Material provided.

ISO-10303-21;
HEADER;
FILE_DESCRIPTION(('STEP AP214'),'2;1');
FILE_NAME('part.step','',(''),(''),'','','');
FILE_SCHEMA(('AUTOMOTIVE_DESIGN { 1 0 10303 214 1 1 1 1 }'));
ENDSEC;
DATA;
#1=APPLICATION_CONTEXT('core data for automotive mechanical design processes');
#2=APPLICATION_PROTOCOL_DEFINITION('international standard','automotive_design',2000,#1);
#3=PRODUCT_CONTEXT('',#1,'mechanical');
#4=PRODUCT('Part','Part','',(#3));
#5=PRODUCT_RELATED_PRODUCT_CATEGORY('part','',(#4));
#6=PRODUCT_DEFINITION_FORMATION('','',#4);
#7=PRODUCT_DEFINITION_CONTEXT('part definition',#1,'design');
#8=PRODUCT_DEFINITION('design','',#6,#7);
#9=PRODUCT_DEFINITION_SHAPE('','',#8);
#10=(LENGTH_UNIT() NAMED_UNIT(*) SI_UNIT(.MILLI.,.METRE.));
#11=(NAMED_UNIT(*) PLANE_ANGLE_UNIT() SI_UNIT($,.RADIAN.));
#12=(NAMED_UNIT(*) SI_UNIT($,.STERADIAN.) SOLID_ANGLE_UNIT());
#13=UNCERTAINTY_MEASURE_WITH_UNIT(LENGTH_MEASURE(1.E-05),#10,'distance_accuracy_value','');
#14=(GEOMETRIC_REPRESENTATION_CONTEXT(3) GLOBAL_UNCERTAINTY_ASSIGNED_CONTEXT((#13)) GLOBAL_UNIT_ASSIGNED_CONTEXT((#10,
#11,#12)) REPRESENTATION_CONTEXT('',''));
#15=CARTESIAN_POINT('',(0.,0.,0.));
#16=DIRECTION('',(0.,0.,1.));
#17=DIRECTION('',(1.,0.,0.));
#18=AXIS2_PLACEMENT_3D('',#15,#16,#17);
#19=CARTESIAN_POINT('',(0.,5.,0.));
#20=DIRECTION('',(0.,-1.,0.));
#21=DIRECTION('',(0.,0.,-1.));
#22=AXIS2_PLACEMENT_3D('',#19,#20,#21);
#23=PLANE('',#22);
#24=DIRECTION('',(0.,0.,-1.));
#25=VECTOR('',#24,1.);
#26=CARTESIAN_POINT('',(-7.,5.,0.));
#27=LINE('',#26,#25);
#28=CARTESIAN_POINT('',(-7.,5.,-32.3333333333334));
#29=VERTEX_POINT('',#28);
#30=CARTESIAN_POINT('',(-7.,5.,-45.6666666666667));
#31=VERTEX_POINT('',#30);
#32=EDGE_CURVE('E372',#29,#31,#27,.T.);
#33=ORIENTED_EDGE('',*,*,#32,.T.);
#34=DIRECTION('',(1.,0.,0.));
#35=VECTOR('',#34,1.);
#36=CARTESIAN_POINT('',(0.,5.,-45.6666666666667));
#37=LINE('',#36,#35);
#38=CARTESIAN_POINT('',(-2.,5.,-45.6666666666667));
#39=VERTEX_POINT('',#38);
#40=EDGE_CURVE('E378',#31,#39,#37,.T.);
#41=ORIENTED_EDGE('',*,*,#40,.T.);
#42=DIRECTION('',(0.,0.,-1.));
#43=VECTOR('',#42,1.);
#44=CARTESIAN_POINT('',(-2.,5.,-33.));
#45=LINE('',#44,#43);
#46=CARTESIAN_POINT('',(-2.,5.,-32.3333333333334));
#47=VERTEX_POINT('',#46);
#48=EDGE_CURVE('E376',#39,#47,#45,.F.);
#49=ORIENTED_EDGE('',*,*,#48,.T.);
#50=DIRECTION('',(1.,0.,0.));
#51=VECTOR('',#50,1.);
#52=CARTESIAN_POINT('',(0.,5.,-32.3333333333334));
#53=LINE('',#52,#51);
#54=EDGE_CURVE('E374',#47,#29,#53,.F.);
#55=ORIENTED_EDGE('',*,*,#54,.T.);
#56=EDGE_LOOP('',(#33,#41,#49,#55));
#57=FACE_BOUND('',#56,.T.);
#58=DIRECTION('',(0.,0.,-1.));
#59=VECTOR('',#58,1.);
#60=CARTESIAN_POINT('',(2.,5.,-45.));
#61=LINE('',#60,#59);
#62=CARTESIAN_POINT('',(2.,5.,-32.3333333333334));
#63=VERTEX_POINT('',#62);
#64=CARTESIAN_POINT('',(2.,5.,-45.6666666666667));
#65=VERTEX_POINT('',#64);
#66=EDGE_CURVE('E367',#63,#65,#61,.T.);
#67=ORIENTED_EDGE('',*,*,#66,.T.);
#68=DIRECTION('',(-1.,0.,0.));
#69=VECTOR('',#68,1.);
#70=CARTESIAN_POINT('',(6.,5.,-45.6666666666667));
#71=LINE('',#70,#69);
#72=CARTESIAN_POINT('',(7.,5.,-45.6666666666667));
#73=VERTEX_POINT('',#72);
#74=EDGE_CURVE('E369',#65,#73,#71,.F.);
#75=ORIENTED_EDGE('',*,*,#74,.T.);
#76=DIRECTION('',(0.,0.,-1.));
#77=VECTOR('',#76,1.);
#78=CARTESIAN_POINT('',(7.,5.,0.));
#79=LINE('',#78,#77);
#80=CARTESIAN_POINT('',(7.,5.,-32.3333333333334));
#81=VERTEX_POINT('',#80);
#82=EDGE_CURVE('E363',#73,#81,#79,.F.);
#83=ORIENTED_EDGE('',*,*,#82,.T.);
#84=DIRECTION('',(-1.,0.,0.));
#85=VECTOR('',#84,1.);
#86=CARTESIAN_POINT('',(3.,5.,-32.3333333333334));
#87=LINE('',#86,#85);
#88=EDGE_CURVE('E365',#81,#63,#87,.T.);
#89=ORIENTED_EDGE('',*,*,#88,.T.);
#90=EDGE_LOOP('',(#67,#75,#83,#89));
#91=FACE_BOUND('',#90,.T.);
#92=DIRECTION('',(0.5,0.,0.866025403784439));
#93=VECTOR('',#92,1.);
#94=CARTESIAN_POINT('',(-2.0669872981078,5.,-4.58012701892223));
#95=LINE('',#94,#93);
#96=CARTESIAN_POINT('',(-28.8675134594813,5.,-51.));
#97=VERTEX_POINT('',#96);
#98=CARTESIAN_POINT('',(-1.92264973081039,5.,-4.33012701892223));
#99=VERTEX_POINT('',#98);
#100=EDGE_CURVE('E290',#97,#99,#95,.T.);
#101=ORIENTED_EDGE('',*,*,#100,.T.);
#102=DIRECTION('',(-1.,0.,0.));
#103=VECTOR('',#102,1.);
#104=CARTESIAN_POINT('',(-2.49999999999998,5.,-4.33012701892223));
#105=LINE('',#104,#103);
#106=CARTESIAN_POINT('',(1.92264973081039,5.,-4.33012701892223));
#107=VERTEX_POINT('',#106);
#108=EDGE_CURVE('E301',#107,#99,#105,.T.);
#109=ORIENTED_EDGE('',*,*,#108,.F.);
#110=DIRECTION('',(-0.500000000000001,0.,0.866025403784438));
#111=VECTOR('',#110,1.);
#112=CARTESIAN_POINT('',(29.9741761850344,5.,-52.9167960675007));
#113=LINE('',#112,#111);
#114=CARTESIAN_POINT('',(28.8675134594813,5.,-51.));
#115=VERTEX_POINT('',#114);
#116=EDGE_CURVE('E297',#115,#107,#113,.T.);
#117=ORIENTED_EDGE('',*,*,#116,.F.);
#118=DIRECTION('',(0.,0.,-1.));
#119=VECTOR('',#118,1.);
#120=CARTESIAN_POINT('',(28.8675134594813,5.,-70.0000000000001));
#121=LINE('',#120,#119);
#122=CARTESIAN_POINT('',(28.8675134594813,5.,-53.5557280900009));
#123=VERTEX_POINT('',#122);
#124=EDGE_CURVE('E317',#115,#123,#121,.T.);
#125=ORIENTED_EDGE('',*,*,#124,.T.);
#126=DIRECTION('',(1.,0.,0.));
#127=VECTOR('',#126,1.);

What is expected.
Please copy the line that holds "#125=ORIENTED_EDGE('',*,*,#124,.T.);" and each line under it through the last line above, exactly as they stand, adding nothing.

Problem solution.
#125=ORIENTED_EDGE('',*,*,#124,.T.);
#126=DIRECTION('',(1.,0.,0.));
#127=VECTOR('',#126,1.);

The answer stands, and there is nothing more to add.